Over the last several years we’ve been bombarded with one common and unchallenged refrain: that the Bush administration is the author of inumerable failures at home and abroad. The underlying assumption of this premise is that Bush and his neoconservative scalawags really had the best interests of the country at heart, but had simply blundered their way through one well-intentioned but ultimately misguided policy after another, leaving in their wake the wreckage of good intentions and rose-colored idealism. And that ultimately their strategies and policies have indeed failed. Both assumptions deserve a second look.

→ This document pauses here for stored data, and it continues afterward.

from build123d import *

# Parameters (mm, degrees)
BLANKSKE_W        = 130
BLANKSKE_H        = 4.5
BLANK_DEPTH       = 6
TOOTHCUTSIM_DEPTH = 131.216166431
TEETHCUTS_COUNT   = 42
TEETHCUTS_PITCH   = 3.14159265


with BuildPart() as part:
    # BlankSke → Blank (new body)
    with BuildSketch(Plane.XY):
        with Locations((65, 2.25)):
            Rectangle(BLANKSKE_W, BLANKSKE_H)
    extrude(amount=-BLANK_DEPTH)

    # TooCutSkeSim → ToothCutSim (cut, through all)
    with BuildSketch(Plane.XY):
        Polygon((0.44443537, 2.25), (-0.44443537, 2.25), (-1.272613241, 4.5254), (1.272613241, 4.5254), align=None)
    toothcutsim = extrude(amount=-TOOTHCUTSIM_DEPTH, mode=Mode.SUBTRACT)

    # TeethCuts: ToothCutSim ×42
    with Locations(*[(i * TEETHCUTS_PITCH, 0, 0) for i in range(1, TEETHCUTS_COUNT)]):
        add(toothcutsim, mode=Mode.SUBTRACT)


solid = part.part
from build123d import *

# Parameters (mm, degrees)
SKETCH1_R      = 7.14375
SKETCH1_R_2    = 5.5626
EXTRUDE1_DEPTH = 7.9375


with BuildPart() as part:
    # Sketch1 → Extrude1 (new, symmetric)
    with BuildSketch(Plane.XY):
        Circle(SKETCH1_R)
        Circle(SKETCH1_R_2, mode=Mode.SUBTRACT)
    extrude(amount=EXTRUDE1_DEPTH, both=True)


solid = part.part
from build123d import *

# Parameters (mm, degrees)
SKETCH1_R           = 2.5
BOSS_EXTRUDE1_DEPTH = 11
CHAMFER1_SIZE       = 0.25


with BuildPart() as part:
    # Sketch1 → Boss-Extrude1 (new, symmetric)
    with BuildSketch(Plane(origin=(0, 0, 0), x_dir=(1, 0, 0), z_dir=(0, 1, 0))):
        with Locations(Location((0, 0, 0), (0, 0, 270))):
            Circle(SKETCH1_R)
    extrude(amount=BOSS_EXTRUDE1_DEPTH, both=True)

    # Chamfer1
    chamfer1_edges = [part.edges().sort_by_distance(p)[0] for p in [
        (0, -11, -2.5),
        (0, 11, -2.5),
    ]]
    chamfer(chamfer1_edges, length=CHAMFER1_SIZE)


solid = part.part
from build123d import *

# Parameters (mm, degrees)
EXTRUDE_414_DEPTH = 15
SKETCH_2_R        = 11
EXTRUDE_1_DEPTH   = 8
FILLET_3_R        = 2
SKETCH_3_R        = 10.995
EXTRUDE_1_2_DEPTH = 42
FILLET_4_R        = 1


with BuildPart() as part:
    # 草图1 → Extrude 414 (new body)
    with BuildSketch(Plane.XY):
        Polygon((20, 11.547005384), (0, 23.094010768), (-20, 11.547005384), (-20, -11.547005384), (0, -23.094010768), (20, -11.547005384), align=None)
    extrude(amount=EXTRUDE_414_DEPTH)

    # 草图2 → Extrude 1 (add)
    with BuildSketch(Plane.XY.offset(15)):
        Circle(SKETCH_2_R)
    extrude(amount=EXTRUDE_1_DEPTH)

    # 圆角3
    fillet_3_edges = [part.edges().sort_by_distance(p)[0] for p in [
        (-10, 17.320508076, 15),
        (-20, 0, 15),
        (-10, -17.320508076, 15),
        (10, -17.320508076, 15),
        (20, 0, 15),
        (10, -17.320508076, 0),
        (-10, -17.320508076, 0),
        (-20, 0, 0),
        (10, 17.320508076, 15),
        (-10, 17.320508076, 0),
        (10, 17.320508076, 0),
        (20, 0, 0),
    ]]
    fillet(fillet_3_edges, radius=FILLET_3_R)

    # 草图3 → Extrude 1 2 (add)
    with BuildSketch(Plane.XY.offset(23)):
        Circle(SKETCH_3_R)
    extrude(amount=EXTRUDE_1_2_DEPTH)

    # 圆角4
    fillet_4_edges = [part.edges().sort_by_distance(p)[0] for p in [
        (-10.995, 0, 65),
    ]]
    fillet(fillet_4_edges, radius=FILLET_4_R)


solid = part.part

On the latter, the notion that Bush has authored one failed strategy after another: this suggests that he really wanted to impart democracy to Iraq, that this was his overriding aspiration and all his efforts were aimed at seeding the Middle East with the secular tools of democratic governance. Nothing could be further from the truth. As Naomi Klein expertly explores in her bestseller The Shock Doctrine, the Bush administration sought, in Iraq at least, to create their own unique notion of the idealized free market economy, unfettered by regulation and government interference, a veritable tabula rasa on which the economy of boundless self-interest could script its utopian future. They wanted to create a perfect neoliberal nation. Democracy was a consideration only insofar as Bush and Cheney and Rumsfeld conflated democracy with their free market ideology through the manipulable rubrick of freedom. Otherwise, as Paul Bremer’s numerous actions belie (canceling elections, hand-picking governing councils, etc.), democracy was denied at every instance in which it conflicted with the broader aims of the neoliberal mandate. In fact, there is a strong argument to be made that these efforts to inhibit the democratic impulse were the incipient cause of the resistance movement.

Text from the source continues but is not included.